Are you familiar with these two command?
samtools depth and samtools mpileup generate different outputs but the coverage calculations are the same. I created a simple example at https://github.com/davetang/learning_bam_file#coverage
Thank you for the super useful blogs. I have a question regarding downstream analysis after seeing the pipe commands you wrote. I would like to compress vcf files and index them. The command I wrote was ‘bcftools view filename.vcf -Oz -o filename.vcf.gz | bcftools index’ but the second command didn’t run. Sorry if the question is not very relevant to the blog. I’m very new to bioinformatics and would be grateful if you can advise. Thank you!

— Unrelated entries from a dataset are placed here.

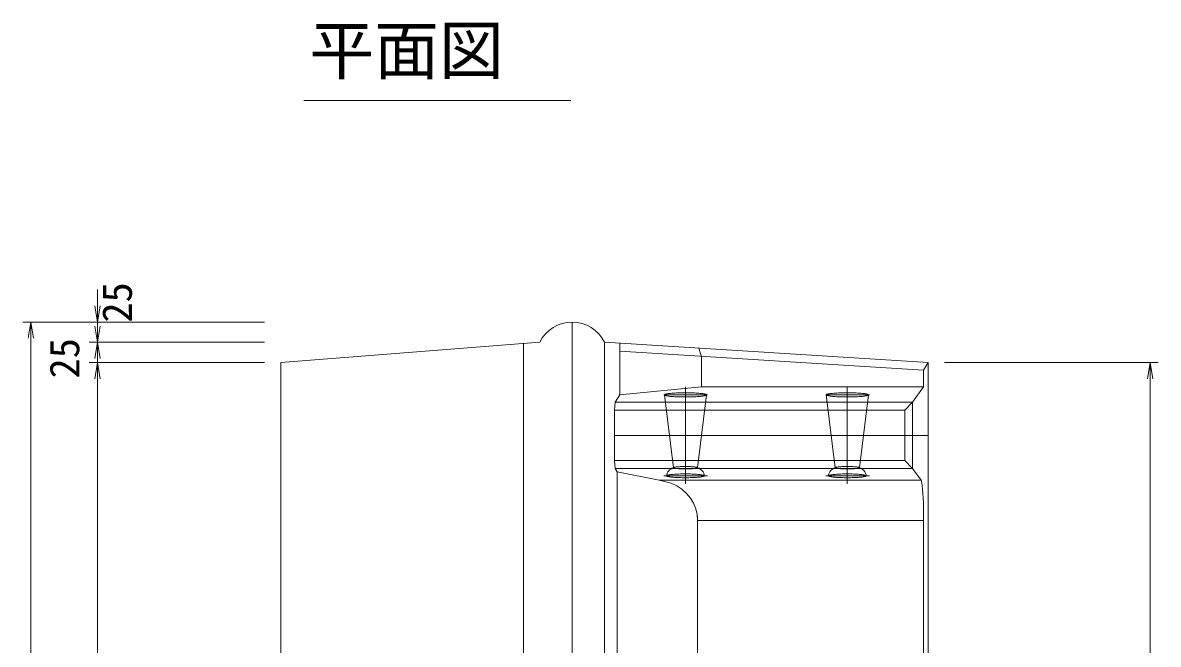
# Model space of a CAD drawing. Units: millimetres on the paper. Extents: x 0 to 841, y 0 to 594.
# Drawn here: x 673.3 to 743.4, y 362.7 to 401.1 of the extents above; entities that cross this region are included whole.
import ezdxf
from ezdxf.enums import TextEntityAlignment as Align

# ---------------------------------------------------------------- set-up
doc = ezdxf.new("R2010")
doc.units = ezdxf.units.MM
for name, color, linetype, lineweight in [('D-STR-DIM（寸法）', 7, 'Continuous', 18), ('D-STR-HTXT（旗揚げ）', 7, 'Continuous', 18), ('D-STR-STR1（構造物）', 7, 'Continuous', 18), ('D-STR（構造物外形線）', 1, 'Continuous', 18)]:
    doc.layers.add(name, color=color, linetype=linetype, lineweight=lineweight)
doc.layers.add('D-TTL-TXT（文字）', color=7, linetype='Continuous')
doc.styles.add('ＭＳ ゴシック', font='')
doc.styles.get('ＭＳ ゴシック').set_extended_font_data('MS Gothic')

msp = doc.modelspace()

# ---------------------------------------------------------------- linework, layer by layer
at = {"layer": 'D-STR-DIM（寸法）'}
for p, q in [((677.886, 383.589), (677.886, 384.589)), ((677.886, 382.589), (677.719, 383.589)), ((678.052, 383.589), (677.886, 382.589)), ((677.886, 382.589), (677.886, 383.589)), ((677.886, 382.339), (677.886, 383.339)), ((687.211, 382.589), (673.271, 382.589)), ((673.605, 381.589), (673.771, 382.589)), ((673.771, 382.589), (673.938, 381.589)), ((673.771, 382.589), (673.771, 381.589)), ((688.211, 382.589), (677.386, 382.589)), ((677.886, 381.339), (677.719, 382.339)), ((678.052, 382.339), (677.886, 381.339)), ((677.886, 381.339), (677.886, 382.339)), ((673.771, 381.589), (673.771, 283.589)), ((688.211, 381.339), (677.386, 381.339)), ((688.174, 381.339), (677.386, 381.339)), ((677.719, 380.339), (677.886, 381.339)), ((677.886, 381.339), (678.052, 380.339)), ((677.886, 381.339), (677.886, 380.339)), ((677.886, 380.339), (677.886, 379.339)), ((688.211, 380.089), (677.386, 380.089)), ((688.211, 380.089), (677.386, 380.089)), ((677.719, 379.089), (677.886, 380.089)), ((677.719, 379.089), (677.886, 380.089)), ((677.886, 380.089), (678.052, 379.089)), ((677.886, 380.089), (677.886, 379.089)), ((677.886, 380.089), (678.052, 379.089)), ((677.886, 380.089), (677.886, 379.089)), ((730.211, 380.089), (743.42, 380.089)), ((742.754, 379.089), (742.92, 380.089)), ((742.92, 380.089), (743.087, 379.089)), ((742.92, 380.089), (742.92, 379.089)), ((677.886, 379.089), (677.886, 378.089)), ((677.886, 379.089), (677.886, 286.089)), ((742.92, 379.089), (742.92, 286.089))]:
    msp.add_line(p, q, dxfattribs=at)
at = {"layer": 'D-STR-HTXT（旗揚げ）'}
msp.add_line((690.632, 396.28), (707.14, 396.28), dxfattribs=at)
at = {"layer": 'D-STR-STR1（構造物）'}
for p, q in [((715.211, 378.589), (710.148, 378.089)), ((712.916, 378.1), (712.931, 378.111)), ((712.931, 378.111), (712.955, 378.122)), ((712.955, 378.122), (712.989, 378.133)), ((712.989, 378.133), (713.033, 378.143)), ((713.033, 378.143), (713.085, 378.153)), ((713.085, 378.153), (713.146, 378.163)), ((713.146, 378.163), (713.215, 378.172)), ((713.215, 378.172), (713.292, 378.18)), ((713.292, 378.18), (713.375, 378.188)), ((713.375, 378.188), (713.465, 378.195)), ((713.465, 378.195), (713.561, 378.201)), ((713.561, 378.201), (713.661, 378.206)), ((713.661, 378.206), (713.766, 378.21)), ((713.766, 378.21), (713.874, 378.214)), ((713.874, 378.214), (713.985, 378.216)), ((713.985, 378.216), (714.098, 378.217)), ((714.098, 378.217), (714.211, 378.218)), ((714.211, 372.589), (714.211, 378.589)), ((714.211, 378.218), (714.324, 378.217)), ((714.324, 378.217), (714.437, 378.216)), ((714.437, 378.216), (714.547, 378.214)), ((714.547, 378.214), (714.655, 378.21)), ((714.655, 378.21), (714.76, 378.206)), ((714.76, 378.206), (714.861, 378.201)), ((714.861, 378.201), (714.956, 378.195)), ((714.956, 378.195), (715.046, 378.188)), ((715.046, 378.188), (715.13, 378.18)), ((715.13, 378.18), (715.207, 378.172)), ((715.207, 378.172), (715.276, 378.163)), ((715.211, 378.589), (728.925, 378.589)), ((715.276, 378.163), (715.337, 378.153)), ((715.337, 378.153), (715.389, 378.143)), ((715.389, 378.143), (715.432, 378.133)), ((715.432, 378.133), (715.467, 378.122)), ((715.467, 378.122), (715.491, 378.111)), ((715.491, 378.111), (715.506, 378.1)), ((722.916, 378.1), (722.931, 378.111)), ((722.931, 378.111), (722.955, 378.122)), ((722.955, 378.122), (722.989, 378.133)), ((722.989, 378.133), (723.033, 378.143)), ((723.033, 378.143), (723.085, 378.153)), ((723.085, 378.153), (723.146, 378.163)), ((723.146, 378.163), (723.215, 378.172)), ((723.215, 378.172), (723.292, 378.18)), ((723.292, 378.18), (723.375, 378.188)), ((723.375, 378.188), (723.465, 378.195)), ((723.465, 378.195), (723.561, 378.201)), ((723.561, 378.201), (723.661, 378.206)), ((723.661, 378.206), (723.766, 378.21)), ((723.766, 378.21), (723.874, 378.214)), ((723.874, 378.214), (723.985, 378.216)), ((723.985, 378.216), (724.098, 378.217)), ((724.098, 378.217), (724.211, 378.218)), ((724.211, 372.589), (724.211, 378.589)), ((724.211, 378.218), (724.324, 378.217)), ((724.324, 378.217), (724.437, 378.216)), ((724.437, 378.216), (724.547, 378.214)), ((724.547, 378.214), (724.655, 378.21)), ((724.655, 378.21), (724.76, 378.206)), ((724.76, 378.206), (724.861, 378.201)), ((724.861, 378.201), (724.956, 378.195)), ((724.956, 378.195), (725.046, 378.188)), ((725.046, 378.188), (725.13, 378.18)), ((725.13, 378.18), (725.207, 378.172)), ((725.207, 378.172), (725.276, 378.163)), ((725.276, 378.163), (725.337, 378.153)), ((725.337, 378.153), (725.389, 378.143)), ((725.389, 378.143), (725.432, 378.133)), ((725.432, 378.133), (725.467, 378.122)), ((725.467, 378.122), (725.491, 378.111)), ((725.491, 378.111), (725.506, 378.1)), ((728.243, 377.633), (728.925, 378.589)), ((709.836, 377.139), (709.864, 377.633)), ((709.864, 377.633), (710.148, 378.089)), ((709.864, 377.633), (728.243, 377.633)), ((712.877, 378.089), (715.575, 378.089)), ((712.911, 378.089), (712.916, 378.1)), ((712.911, 378.089), (713.464, 373.582)), ((712.916, 378.077), (712.911, 378.089)), ((712.931, 378.066), (712.916, 378.077)), ((712.955, 378.055), (712.931, 378.066)), ((712.989, 378.044), (712.955, 378.055)), ((713.033, 378.034), (712.989, 378.044)), ((713.085, 378.024), (713.033, 378.034)), ((713.146, 378.014), (713.085, 378.024)), ((713.215, 378.005), (713.146, 378.014)), ((713.292, 377.997), (713.215, 378.005)), ((713.375, 377.989), (713.292, 377.997)), ((713.465, 377.983), (713.375, 377.989)), ((713.561, 377.977), (713.465, 377.983)), ((713.661, 377.971), (713.561, 377.977)), ((713.766, 377.967), (713.661, 377.971)), ((713.874, 377.964), (713.766, 377.967)), ((713.985, 377.961), (713.874, 377.964)), ((714.098, 377.96), (713.985, 377.961)), ((714.211, 377.959), (714.098, 377.96)), ((714.324, 377.96), (714.211, 377.959)), ((714.437, 377.961), (714.324, 377.96)), ((714.547, 377.964), (714.437, 377.961)), ((714.655, 377.967), (714.547, 377.964)), ((714.76, 377.971), (714.655, 377.967)), ((714.861, 377.977), (714.76, 377.971)), ((714.956, 377.983), (714.861, 377.977)), ((715.046, 377.989), (714.956, 377.983)), ((715.511, 378.089), (714.958, 373.582)), ((715.13, 377.997), (715.046, 377.989)), ((715.207, 378.005), (715.13, 377.997)), ((715.276, 378.014), (715.207, 378.005)), ((715.337, 378.024), (715.276, 378.014)), ((715.389, 378.034), (715.337, 378.024)), ((715.432, 378.044), (715.389, 378.034)), ((715.467, 378.055), (715.432, 378.044)), ((715.491, 378.066), (715.467, 378.055)), ((715.506, 378.077), (715.491, 378.066)), ((715.506, 378.1), (715.511, 378.089)), ((715.511, 378.089), (715.506, 378.077)), ((722.877, 378.089), (725.575, 378.089)), ((722.911, 378.089), (722.916, 378.1)), ((722.911, 378.089), (723.464, 373.582)), ((722.916, 378.077), (722.911, 378.089)), ((722.931, 378.066), (722.916, 378.077)), ((722.955, 378.055), (722.931, 378.066)), ((722.989, 378.044), (722.955, 378.055)), ((723.033, 378.034), (722.989, 378.044)), ((723.085, 378.024), (723.033, 378.034)), ((723.146, 378.014), (723.085, 378.024)), ((723.215, 378.005), (723.146, 378.014)), ((723.292, 377.997), (723.215, 378.005)), ((723.375, 377.989), (723.292, 377.997)), ((723.465, 377.983), (723.375, 377.989)), ((723.561, 377.977), (723.465, 377.983)), ((723.661, 377.971), (723.561, 377.977)), ((723.766, 377.967), (723.661, 377.971)), ((723.874, 377.964), (723.766, 377.967)), ((723.985, 377.961), (723.874, 377.964)), ((724.098, 377.96), (723.985, 377.961)), ((724.211, 377.959), (724.098, 377.96)), ((724.324, 377.96), (724.211, 377.959)), ((724.437, 377.961), (724.324, 377.96)), ((724.547, 377.964), (724.437, 377.961)), ((724.655, 377.967), (724.547, 377.964)), ((724.76, 377.971), (724.655, 377.967)), ((724.861, 377.977), (724.76, 377.971)), ((724.956, 377.983), (724.861, 377.977)), ((725.046, 377.989), (724.956, 377.983)), ((725.511, 378.089), (724.958, 373.582)), ((725.13, 377.997), (725.046, 377.989)), ((725.207, 378.005), (725.13, 377.997)), ((725.276, 378.014), (725.207, 378.005)), ((725.337, 378.024), (725.276, 378.014)), ((725.389, 378.034), (725.337, 378.024)), ((725.432, 378.044), (725.389, 378.034)), ((725.467, 378.055), (725.432, 378.044)), ((725.491, 378.066), (725.467, 378.055)), ((725.506, 378.077), (725.491, 378.066)), ((725.506, 378.1), (725.511, 378.089)), ((725.511, 378.089), (725.506, 378.077)), ((728.243, 377.633), (727.761, 377.139)), ((728.243, 377.633), (728.243, 373.544)), ((709.836, 377.139), (727.761, 377.139)), ((709.836, 377.139), (709.836, 374.039)), ((727.761, 377.139), (727.761, 374.039)), ((709.836, 375.589), (729.211, 375.589)), ((709.836, 374.039), (727.761, 374.039)), ((709.836, 374.039), (709.864, 373.544)), ((727.761, 374.039), (728.243, 373.544)), ((709.864, 373.544), (728.243, 373.544)), ((709.864, 373.544), (709.992, 373.338)), ((712.597, 372.813), (709.992, 373.338)), ((713.461, 373.589), (713.464, 373.595)), ((713.464, 373.582), (713.461, 373.589)), ((713.464, 373.595), (713.472, 373.602)), ((713.472, 373.576), (713.464, 373.582)), ((713.472, 373.602), (713.486, 373.608)), ((713.486, 373.569), (713.472, 373.576)), ((713.486, 373.608), (713.506, 373.614)), ((713.506, 373.563), (713.486, 373.569)), ((713.506, 373.614), (713.531, 373.62)), ((713.531, 373.557), (713.506, 373.563)), ((713.531, 373.62), (713.561, 373.626)), ((713.561, 373.551), (713.531, 373.557)), ((713.561, 373.626), (713.596, 373.631)), ((713.596, 373.546), (713.561, 373.551)), ((713.596, 373.631), (713.636, 373.637)), ((713.636, 373.541), (713.596, 373.546)), ((713.623, 373.19), (713.714, 373.195)), ((713.636, 373.637), (713.681, 373.641)), ((713.681, 373.536), (713.636, 373.541)), ((713.681, 373.641), (713.729, 373.646)), ((713.729, 373.531), (713.681, 373.536)), ((713.714, 373.195), (713.809, 373.198)), ((713.729, 373.646), (713.781, 373.65)), ((713.781, 373.527), (713.729, 373.531)), ((713.781, 373.65), (713.836, 373.653)), ((713.836, 373.524), (713.781, 373.527)), ((713.809, 373.198), (713.907, 373.201)), ((713.836, 373.653), (713.894, 373.656)), ((713.894, 373.521), (713.836, 373.524)), ((713.894, 373.656), (713.954, 373.659)), ((713.954, 373.518), (713.894, 373.521)), ((713.907, 373.201), (714.007, 373.204)), ((713.954, 373.659), (714.017, 373.661)), ((714.017, 373.516), (713.954, 373.518)), ((714.007, 373.204), (714.108, 373.205)), ((714.017, 373.661), (714.081, 373.662)), ((714.081, 373.515), (714.017, 373.516)), ((714.081, 373.662), (714.145, 373.663)), ((714.145, 373.514), (714.081, 373.515)), ((714.108, 373.205), (714.211, 373.205)), ((714.145, 373.663), (714.211, 373.663)), ((714.211, 373.514), (714.145, 373.514)), ((714.211, 373.663), (714.276, 373.663)), ((714.276, 373.514), (714.211, 373.514)), ((714.211, 373.205), (714.313, 373.205)), ((714.276, 373.663), (714.341, 373.662)), ((714.341, 373.515), (714.276, 373.514)), ((714.313, 373.205), (714.415, 373.204)), ((714.341, 373.662), (714.405, 373.661)), ((714.405, 373.516), (714.341, 373.515)), ((714.405, 373.661), (714.467, 373.659)), ((714.467, 373.518), (714.405, 373.516)), ((714.415, 373.204), (714.515, 373.201)), ((714.467, 373.659), (714.528, 373.656)), ((714.528, 373.521), (714.467, 373.518)), ((714.515, 373.201), (714.613, 373.198)), ((714.528, 373.656), (714.586, 373.653)), ((714.586, 373.524), (714.528, 373.521)), ((714.586, 373.653), (714.641, 373.65)), ((714.641, 373.527), (714.586, 373.524)), ((714.613, 373.198), (714.707, 373.195)), ((714.641, 373.65), (714.693, 373.646)), ((714.693, 373.531), (714.641, 373.527)), ((714.693, 373.646), (714.741, 373.641)), ((714.741, 373.536), (714.693, 373.531)), ((714.707, 373.195), (714.798, 373.19)), ((714.741, 373.641), (714.785, 373.637)), ((714.785, 373.541), (714.741, 373.536)), ((714.785, 373.637), (714.825, 373.631)), ((714.825, 373.546), (714.785, 373.541)), ((714.825, 373.631), (714.86, 373.626)), ((714.86, 373.551), (714.825, 373.546)), ((714.86, 373.626), (714.891, 373.62)), ((714.891, 373.557), (714.86, 373.551)), ((714.891, 373.62), (714.916, 373.614)), ((714.916, 373.563), (714.891, 373.557)), ((714.916, 373.614), (714.935, 373.608)), ((714.935, 373.569), (714.916, 373.563)), ((714.935, 373.608), (714.949, 373.602)), ((714.949, 373.576), (714.935, 373.569)), ((714.949, 373.602), (714.958, 373.595)), ((714.958, 373.582), (714.949, 373.576)), ((714.958, 373.595), (714.961, 373.589)), ((714.961, 373.589), (714.958, 373.582)), ((723.461, 373.589), (723.464, 373.595)), ((723.464, 373.582), (723.461, 373.589)), ((723.464, 373.595), (723.472, 373.602)), ((723.472, 373.576), (723.464, 373.582)), ((723.472, 373.602), (723.486, 373.608)), ((723.486, 373.569), (723.472, 373.576)), ((723.486, 373.608), (723.506, 373.614)), ((723.506, 373.563), (723.486, 373.569)), ((723.506, 373.614), (723.531, 373.62)), ((723.531, 373.557), (723.506, 373.563)), ((723.531, 373.62), (723.561, 373.626)), ((723.561, 373.551), (723.531, 373.557)), ((723.561, 373.626), (723.596, 373.631)), ((723.596, 373.546), (723.561, 373.551)), ((723.596, 373.631), (723.636, 373.637)), ((723.636, 373.541), (723.596, 373.546)), ((723.623, 373.19), (723.714, 373.195)), ((723.636, 373.637), (723.681, 373.641)), ((723.681, 373.536), (723.636, 373.541)), ((723.681, 373.641), (723.729, 373.646)), ((723.729, 373.531), (723.681, 373.536)), ((723.714, 373.195), (723.809, 373.198)), ((723.729, 373.646), (723.781, 373.65)), ((723.781, 373.527), (723.729, 373.531)), ((723.781, 373.65), (723.836, 373.653)), ((723.836, 373.524), (723.781, 373.527)), ((723.809, 373.198), (723.907, 373.201)), ((723.836, 373.653), (723.894, 373.656)), ((723.894, 373.521), (723.836, 373.524)), ((723.894, 373.656), (723.954, 373.659)), ((723.954, 373.518), (723.894, 373.521)), ((723.907, 373.201), (724.007, 373.204)), ((723.954, 373.659), (724.017, 373.661)), ((724.017, 373.516), (723.954, 373.518)), ((724.007, 373.204), (724.108, 373.205)), ((724.017, 373.661), (724.081, 373.662)), ((724.081, 373.515), (724.017, 373.516)), ((724.081, 373.662), (724.145, 373.663)), ((724.145, 373.514), (724.081, 373.515)), ((724.108, 373.205), (724.211, 373.205)), ((724.145, 373.663), (724.211, 373.663)), ((724.211, 373.514), (724.145, 373.514)), ((724.211, 373.663), (724.276, 373.663)), ((724.276, 373.514), (724.211, 373.514)), ((724.211, 373.205), (724.313, 373.205)), ((724.276, 373.663), (724.341, 373.662)), ((724.341, 373.515), (724.276, 373.514)), ((724.313, 373.205), (724.415, 373.204)), ((724.341, 373.662), (724.405, 373.661)), ((724.405, 373.516), (724.341, 373.515)), ((724.405, 373.661), (724.467, 373.659)), ((724.467, 373.518), (724.405, 373.516)), ((724.415, 373.204), (724.515, 373.201)), ((724.467, 373.659), (724.528, 373.656)), ((724.528, 373.521), (724.467, 373.518)), ((724.515, 373.201), (724.613, 373.198)), ((724.528, 373.656), (724.586, 373.653)), ((724.586, 373.524), (724.528, 373.521)), ((724.586, 373.653), (724.641, 373.65)), ((724.641, 373.527), (724.586, 373.524)), ((724.613, 373.198), (724.707, 373.195)), ((724.641, 373.65), (724.693, 373.646)), ((724.693, 373.531), (724.641, 373.527)), ((724.693, 373.646), (724.741, 373.641)), ((724.741, 373.536), (724.693, 373.531)), ((724.707, 373.195), (724.798, 373.19)), ((724.741, 373.641), (724.785, 373.637)), ((724.785, 373.541), (724.741, 373.536)), ((724.785, 373.637), (724.825, 373.631)), ((724.825, 373.546), (724.785, 373.541)), ((724.825, 373.631), (724.86, 373.626)), ((724.86, 373.551), (724.825, 373.546)), ((724.86, 373.626), (724.891, 373.62)), ((724.891, 373.557), (724.86, 373.551)), ((724.891, 373.62), (724.916, 373.614)), ((724.916, 373.563), (724.891, 373.557)), ((724.916, 373.614), (724.935, 373.608)), ((724.935, 373.569), (724.916, 373.563)), ((724.935, 373.608), (724.949, 373.602)), ((724.949, 373.576), (724.935, 373.569)), ((724.949, 373.602), (724.958, 373.595)), ((724.958, 373.582), (724.949, 373.576)), ((724.958, 373.595), (724.961, 373.589)), ((724.961, 373.589), (724.958, 373.582)), ((728.764, 372.813), (728.243, 373.544)), ((712.597, 372.813), (728.764, 372.813)), ((712.597, 372.813), (713.324, 372.634)), ((712.877, 373.089), (715.575, 373.089)), ((713.036, 373.089), (713.04, 373.099)), ((713.04, 373.078), (713.036, 373.089)), ((713.04, 373.099), (713.054, 373.109)), ((713.054, 373.068), (713.04, 373.078)), ((713.054, 373.109), (713.076, 373.119)), ((713.076, 373.058), (713.054, 373.068)), ((713.076, 373.119), (713.107, 373.129)), ((713.107, 373.049), (713.076, 373.058)), ((713.107, 373.129), (713.146, 373.138)), ((713.146, 373.039), (713.107, 373.049)), ((713.146, 373.138), (713.193, 373.147)), ((713.193, 373.03), (713.146, 373.039)), ((713.193, 373.147), (713.248, 373.156)), ((713.248, 373.021), (713.193, 373.03)), ((713.248, 373.156), (713.311, 373.164)), ((713.311, 373.013), (713.248, 373.021)), ((713.311, 373.164), (713.38, 373.171)), ((713.38, 373.006), (713.311, 373.013)), ((713.324, 372.634), (713.673, 372.468)), ((713.38, 373.171), (713.456, 373.178)), ((713.456, 372.999), (713.38, 373.006)), ((713.456, 373.178), (713.537, 373.184)), ((713.537, 372.993), (713.456, 372.999)), ((713.537, 373.184), (713.623, 373.19)), ((713.623, 372.987), (713.537, 372.993)), ((713.714, 372.983), (713.623, 372.987)), ((713.809, 372.979), (713.714, 372.983)), ((713.907, 372.976), (713.809, 372.979)), ((714.007, 372.973), (713.907, 372.976)), ((714.108, 372.972), (714.007, 372.973)), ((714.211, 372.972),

thanks for the question and it’s very relevant to my blog! Your bcftools view command is saving the output to filename.vcf.gz so there is nothing being piped to the index command. You can either run them as two separate commands or if you really want to run them as one command, you can do something like this:
I did get get a warning (index: the input is probably truncated, use -f to index anyway: -), which is why I also used the -f parameter in the indexing step. So it is probably better if you just ran the two commands separately, since I’m always wary of warnings.
Lastly, I didn’t even know there’s a bcftools index command; I have been using tabix. I don’t know what the difference is but they seem to generate different binary files. To index using tabix:
Hope that helps,
Thank you for the prompt reply. Much appreciated. It clarifies. Will try tabix too!